Mutation-selection balance and compensatory mechanisms in tumour evolution

Intratumour heterogeneity and phenotypic plasticity, sustained by a range of somatic aberrations, as well as epigenetic and metabolic adaptations, are the principal mechanisms that enable cancers to resist treatment and survive under environmental stress. A comprehensive picture of the interplay between different somatic aberrations, from point mutations to whole-genome duplications, in tumour initiation and progression is lacking. We posit that different genomic aberrations generally exhibit a temporal order, shaped by a balance between the levels of mutations and selective pressures.
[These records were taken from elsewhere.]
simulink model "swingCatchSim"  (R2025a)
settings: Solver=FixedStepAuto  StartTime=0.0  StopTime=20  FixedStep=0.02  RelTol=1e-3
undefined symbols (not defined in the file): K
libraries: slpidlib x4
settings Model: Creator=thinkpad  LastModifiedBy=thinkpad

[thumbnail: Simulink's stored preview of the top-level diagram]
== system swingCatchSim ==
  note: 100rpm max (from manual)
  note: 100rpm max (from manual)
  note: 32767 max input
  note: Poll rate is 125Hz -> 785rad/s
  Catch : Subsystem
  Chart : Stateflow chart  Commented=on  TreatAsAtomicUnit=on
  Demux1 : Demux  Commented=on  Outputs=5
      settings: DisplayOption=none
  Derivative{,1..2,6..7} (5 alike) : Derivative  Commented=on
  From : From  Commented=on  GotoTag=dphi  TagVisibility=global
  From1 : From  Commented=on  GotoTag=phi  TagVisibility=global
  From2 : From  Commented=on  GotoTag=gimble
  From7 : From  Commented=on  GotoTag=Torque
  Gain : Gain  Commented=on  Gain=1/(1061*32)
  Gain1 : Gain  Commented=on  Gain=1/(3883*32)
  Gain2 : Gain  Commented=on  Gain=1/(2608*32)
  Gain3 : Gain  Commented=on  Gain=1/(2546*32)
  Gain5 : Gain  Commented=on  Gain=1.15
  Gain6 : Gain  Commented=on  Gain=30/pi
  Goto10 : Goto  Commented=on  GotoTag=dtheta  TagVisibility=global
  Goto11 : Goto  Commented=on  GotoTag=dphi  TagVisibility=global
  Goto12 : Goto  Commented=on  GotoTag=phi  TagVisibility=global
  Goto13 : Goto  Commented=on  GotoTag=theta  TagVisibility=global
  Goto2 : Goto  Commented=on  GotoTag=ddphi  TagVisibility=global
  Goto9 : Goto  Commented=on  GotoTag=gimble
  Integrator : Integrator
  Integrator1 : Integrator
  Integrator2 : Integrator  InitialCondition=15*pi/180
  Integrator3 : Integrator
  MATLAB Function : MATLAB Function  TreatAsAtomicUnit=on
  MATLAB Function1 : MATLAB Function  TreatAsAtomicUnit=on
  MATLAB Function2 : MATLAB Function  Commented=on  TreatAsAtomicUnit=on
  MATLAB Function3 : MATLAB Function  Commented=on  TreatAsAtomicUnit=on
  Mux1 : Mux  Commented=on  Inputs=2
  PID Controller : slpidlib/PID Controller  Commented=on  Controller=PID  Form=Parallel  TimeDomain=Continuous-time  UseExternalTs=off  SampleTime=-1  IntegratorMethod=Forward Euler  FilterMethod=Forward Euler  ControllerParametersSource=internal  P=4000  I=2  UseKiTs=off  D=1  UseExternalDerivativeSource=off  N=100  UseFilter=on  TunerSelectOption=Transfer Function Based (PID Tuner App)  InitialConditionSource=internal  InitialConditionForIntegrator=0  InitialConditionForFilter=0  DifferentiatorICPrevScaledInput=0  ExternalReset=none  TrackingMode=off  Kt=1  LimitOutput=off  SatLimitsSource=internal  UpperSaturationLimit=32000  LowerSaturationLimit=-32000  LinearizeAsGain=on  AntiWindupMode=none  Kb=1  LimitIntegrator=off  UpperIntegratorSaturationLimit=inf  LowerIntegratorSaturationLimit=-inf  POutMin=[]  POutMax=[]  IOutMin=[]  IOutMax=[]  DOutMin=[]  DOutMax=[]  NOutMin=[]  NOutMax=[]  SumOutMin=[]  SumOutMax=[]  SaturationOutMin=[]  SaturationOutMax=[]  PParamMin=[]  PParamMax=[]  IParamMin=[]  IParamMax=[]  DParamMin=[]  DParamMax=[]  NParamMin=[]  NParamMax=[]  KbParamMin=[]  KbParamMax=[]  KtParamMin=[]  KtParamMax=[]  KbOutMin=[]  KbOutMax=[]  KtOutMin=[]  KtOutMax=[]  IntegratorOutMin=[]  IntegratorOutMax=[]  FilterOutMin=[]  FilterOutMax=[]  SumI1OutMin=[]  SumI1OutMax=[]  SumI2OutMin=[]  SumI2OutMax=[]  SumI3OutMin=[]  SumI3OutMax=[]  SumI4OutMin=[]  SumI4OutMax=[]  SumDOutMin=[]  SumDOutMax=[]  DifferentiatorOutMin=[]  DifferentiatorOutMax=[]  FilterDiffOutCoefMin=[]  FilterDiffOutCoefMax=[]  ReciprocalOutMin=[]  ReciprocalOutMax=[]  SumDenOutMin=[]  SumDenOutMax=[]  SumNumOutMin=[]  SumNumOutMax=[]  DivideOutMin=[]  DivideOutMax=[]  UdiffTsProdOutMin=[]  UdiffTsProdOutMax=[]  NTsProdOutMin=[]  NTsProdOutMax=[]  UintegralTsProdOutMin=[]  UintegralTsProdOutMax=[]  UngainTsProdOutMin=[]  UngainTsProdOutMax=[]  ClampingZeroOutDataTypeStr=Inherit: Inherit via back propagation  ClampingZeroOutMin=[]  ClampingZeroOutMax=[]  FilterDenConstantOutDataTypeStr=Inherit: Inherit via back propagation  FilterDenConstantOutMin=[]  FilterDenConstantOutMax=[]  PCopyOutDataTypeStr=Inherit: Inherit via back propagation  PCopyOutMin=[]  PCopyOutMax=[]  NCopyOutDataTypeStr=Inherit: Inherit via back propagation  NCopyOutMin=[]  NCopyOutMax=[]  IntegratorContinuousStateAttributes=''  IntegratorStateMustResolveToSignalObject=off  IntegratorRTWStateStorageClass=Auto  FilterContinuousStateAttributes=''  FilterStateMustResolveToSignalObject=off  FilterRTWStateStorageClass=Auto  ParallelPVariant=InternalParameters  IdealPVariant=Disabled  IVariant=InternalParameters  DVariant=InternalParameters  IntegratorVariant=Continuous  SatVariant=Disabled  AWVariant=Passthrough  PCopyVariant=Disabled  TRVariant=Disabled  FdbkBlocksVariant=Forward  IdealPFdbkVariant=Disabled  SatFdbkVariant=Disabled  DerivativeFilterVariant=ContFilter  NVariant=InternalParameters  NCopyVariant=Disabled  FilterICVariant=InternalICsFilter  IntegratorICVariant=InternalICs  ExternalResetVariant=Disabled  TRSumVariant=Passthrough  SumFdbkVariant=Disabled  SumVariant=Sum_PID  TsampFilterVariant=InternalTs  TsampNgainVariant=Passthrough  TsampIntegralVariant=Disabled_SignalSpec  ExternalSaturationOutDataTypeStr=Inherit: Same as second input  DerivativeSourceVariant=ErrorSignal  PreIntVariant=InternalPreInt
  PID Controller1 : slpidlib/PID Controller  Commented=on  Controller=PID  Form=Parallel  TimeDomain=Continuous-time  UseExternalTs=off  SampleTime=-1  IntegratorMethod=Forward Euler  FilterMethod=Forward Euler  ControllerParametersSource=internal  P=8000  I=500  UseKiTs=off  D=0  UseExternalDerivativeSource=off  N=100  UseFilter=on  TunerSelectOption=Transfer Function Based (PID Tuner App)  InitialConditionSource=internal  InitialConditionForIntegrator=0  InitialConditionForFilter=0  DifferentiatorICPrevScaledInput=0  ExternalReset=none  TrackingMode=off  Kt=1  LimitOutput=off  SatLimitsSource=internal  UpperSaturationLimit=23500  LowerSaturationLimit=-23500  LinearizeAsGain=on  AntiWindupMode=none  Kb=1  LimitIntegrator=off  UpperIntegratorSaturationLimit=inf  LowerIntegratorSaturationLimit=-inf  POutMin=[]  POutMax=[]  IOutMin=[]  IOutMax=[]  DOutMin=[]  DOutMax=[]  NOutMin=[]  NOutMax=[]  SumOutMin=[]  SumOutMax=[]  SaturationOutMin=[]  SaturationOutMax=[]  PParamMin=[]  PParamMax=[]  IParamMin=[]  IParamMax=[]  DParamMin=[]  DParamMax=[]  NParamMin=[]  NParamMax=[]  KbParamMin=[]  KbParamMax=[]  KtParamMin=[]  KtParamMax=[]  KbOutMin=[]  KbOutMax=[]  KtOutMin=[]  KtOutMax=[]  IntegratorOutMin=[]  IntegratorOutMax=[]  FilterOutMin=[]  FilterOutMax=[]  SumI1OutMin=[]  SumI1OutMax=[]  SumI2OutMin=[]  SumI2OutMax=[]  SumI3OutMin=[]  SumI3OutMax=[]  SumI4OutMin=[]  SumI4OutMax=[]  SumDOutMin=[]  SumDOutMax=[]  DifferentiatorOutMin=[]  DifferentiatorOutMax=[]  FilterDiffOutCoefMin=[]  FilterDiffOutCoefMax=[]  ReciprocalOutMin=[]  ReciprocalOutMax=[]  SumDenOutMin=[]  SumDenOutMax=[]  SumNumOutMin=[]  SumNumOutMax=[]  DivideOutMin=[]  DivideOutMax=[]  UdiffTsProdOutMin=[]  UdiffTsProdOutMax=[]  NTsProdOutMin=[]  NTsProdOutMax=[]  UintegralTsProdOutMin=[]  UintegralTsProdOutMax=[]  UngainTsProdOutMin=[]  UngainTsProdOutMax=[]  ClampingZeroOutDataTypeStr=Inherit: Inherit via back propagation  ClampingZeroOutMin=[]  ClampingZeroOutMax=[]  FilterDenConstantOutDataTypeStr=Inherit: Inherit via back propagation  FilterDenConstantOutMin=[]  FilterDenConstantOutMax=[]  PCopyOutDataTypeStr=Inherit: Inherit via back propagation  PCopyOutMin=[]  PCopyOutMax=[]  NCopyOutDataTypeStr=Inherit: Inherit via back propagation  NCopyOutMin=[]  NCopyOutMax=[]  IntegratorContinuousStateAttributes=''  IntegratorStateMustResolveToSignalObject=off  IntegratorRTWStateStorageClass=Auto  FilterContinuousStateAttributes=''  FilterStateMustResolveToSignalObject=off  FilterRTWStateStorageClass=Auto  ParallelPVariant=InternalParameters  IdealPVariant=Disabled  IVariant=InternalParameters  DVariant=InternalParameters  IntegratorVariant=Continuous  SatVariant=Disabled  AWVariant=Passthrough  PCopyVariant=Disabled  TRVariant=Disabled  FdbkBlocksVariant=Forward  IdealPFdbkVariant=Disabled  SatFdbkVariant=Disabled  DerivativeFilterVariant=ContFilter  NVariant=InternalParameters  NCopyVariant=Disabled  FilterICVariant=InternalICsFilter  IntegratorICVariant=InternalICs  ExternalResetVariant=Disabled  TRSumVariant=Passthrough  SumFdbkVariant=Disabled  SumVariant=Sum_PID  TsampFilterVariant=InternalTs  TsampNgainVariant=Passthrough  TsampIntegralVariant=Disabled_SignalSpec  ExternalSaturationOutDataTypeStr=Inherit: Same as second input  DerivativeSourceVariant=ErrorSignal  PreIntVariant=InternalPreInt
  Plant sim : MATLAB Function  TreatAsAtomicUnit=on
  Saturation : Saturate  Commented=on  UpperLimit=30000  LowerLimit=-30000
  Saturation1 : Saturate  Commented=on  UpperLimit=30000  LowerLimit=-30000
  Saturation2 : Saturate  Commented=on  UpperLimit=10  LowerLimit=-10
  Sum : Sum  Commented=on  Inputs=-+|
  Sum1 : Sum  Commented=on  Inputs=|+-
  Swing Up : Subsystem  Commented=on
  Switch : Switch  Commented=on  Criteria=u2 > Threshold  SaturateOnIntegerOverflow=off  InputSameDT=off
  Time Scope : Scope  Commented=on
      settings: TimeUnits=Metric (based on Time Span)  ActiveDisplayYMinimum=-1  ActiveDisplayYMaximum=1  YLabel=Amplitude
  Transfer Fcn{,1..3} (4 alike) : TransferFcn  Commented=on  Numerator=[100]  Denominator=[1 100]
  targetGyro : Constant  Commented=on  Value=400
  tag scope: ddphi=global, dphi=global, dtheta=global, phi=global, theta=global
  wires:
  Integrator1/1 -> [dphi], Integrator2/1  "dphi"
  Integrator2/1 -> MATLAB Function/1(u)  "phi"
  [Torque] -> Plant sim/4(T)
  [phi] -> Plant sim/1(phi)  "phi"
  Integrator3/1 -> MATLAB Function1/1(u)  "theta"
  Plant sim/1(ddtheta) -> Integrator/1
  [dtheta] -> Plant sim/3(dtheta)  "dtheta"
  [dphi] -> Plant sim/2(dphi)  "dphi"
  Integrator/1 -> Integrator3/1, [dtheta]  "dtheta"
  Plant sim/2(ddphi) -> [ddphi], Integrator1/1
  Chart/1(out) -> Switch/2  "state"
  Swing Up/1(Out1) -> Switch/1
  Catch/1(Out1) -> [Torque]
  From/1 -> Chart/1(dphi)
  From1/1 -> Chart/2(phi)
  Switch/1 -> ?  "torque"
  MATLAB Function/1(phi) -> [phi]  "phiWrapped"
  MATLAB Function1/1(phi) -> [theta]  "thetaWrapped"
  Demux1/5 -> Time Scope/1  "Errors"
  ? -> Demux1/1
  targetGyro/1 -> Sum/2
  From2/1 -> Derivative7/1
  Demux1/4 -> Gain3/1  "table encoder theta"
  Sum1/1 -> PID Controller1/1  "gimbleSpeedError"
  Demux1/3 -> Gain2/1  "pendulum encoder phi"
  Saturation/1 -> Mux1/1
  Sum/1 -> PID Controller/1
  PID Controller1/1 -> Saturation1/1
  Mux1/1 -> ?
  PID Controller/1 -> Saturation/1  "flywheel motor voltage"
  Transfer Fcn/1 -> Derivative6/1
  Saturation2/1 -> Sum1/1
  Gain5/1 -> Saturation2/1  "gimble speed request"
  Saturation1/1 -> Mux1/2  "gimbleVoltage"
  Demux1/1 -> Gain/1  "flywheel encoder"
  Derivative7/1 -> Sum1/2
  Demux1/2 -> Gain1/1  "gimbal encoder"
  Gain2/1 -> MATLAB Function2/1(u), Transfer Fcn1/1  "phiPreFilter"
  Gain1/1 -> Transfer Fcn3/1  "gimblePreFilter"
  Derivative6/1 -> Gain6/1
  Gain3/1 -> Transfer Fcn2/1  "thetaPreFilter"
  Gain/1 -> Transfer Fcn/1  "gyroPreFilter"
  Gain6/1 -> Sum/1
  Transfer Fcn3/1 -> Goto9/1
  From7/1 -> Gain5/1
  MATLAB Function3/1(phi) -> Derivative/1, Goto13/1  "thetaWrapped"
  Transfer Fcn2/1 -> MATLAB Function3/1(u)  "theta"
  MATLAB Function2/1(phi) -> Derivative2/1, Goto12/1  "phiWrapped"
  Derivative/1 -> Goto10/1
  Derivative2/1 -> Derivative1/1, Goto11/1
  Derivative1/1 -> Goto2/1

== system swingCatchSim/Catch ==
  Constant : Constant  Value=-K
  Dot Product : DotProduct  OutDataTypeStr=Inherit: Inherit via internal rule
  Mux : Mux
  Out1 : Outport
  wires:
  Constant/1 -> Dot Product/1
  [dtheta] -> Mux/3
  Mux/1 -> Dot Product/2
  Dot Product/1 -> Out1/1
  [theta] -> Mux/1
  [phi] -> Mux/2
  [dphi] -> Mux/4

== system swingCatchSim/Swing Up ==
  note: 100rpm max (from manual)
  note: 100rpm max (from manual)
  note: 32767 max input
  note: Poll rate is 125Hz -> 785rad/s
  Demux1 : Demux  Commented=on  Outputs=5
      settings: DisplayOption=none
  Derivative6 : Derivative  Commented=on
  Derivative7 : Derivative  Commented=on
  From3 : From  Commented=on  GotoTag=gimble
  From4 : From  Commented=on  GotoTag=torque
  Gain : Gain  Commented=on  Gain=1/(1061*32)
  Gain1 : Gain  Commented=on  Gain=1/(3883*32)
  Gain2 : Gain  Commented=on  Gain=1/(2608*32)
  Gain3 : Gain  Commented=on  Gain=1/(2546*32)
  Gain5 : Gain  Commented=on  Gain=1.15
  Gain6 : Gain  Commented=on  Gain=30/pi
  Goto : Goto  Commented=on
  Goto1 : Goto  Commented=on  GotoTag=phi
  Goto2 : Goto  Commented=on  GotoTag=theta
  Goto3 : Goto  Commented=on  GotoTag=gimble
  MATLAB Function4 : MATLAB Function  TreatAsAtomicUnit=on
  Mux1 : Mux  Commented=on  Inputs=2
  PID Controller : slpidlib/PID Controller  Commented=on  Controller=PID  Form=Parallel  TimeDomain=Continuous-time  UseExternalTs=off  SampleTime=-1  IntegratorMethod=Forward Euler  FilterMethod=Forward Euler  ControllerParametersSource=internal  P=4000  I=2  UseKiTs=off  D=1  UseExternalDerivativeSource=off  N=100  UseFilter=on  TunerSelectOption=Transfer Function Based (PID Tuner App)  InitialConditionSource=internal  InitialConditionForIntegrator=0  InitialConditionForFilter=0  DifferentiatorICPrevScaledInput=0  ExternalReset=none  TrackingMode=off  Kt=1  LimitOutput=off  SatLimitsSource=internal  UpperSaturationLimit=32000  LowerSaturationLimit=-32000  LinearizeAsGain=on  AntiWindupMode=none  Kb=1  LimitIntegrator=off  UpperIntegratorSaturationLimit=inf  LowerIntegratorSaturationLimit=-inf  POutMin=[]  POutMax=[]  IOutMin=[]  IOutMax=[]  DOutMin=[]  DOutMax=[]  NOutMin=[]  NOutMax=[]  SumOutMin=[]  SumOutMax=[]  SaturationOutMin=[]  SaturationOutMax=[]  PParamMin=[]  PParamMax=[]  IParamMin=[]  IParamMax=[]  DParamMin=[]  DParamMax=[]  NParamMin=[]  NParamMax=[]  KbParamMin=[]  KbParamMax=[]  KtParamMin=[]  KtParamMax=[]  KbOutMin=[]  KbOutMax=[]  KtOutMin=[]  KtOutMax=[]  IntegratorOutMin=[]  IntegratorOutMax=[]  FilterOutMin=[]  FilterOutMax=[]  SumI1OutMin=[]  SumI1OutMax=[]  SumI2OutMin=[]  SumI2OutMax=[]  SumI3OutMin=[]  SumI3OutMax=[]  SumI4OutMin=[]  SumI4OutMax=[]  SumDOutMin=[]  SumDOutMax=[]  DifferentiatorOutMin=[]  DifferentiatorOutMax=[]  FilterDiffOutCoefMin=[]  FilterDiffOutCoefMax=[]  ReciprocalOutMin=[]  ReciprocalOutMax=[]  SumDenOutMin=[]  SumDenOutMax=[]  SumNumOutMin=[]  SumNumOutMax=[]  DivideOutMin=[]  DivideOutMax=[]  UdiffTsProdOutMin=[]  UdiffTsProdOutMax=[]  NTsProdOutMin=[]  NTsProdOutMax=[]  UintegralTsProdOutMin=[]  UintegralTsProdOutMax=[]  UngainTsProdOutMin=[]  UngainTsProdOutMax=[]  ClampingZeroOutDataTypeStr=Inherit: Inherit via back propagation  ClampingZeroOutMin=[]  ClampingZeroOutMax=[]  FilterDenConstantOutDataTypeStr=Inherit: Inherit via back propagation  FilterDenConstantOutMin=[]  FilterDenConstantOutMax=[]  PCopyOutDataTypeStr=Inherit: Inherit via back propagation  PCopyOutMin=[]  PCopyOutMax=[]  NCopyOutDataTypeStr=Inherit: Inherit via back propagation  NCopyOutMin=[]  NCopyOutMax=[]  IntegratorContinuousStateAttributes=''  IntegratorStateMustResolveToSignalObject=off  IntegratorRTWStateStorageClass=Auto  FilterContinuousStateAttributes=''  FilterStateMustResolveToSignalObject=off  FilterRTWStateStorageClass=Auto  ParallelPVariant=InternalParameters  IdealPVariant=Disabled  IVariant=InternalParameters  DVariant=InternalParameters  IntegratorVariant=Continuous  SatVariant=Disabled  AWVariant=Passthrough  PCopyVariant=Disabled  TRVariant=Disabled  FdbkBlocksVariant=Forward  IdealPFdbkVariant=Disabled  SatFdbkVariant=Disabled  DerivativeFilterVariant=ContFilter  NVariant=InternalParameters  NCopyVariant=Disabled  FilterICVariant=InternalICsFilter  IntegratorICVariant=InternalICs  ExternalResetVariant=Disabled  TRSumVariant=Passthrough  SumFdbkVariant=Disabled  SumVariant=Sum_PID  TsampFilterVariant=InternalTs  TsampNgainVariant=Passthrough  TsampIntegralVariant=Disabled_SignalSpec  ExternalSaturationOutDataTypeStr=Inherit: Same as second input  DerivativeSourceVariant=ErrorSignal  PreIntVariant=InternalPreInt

Repeat instability emerges first, followed by larger aberrations, with compensatory effects leading to robust tumour fitness maintained throughout the tumour progression. A better understanding of the interplay between genetic aberrations, the microenvironment, and epigenetic and metabolic cellular states is essential for early detection and prevention of cancer as well as development of efficient therapeutic strategies.

Automated summary

Intratumour heterogeneity and phenotypic plasticity enabled by various somatic aberrations, epigenetic and metabolic adaptations, play a crucial role in helping cancers resist treatment and survive under environmental stress. Understanding the interplay between genetic aberrations, the microenvironment, and epigenetic and metabolic cellular states is essential for early detection, prevention, and development of efficient therapeutic strategies for cancer.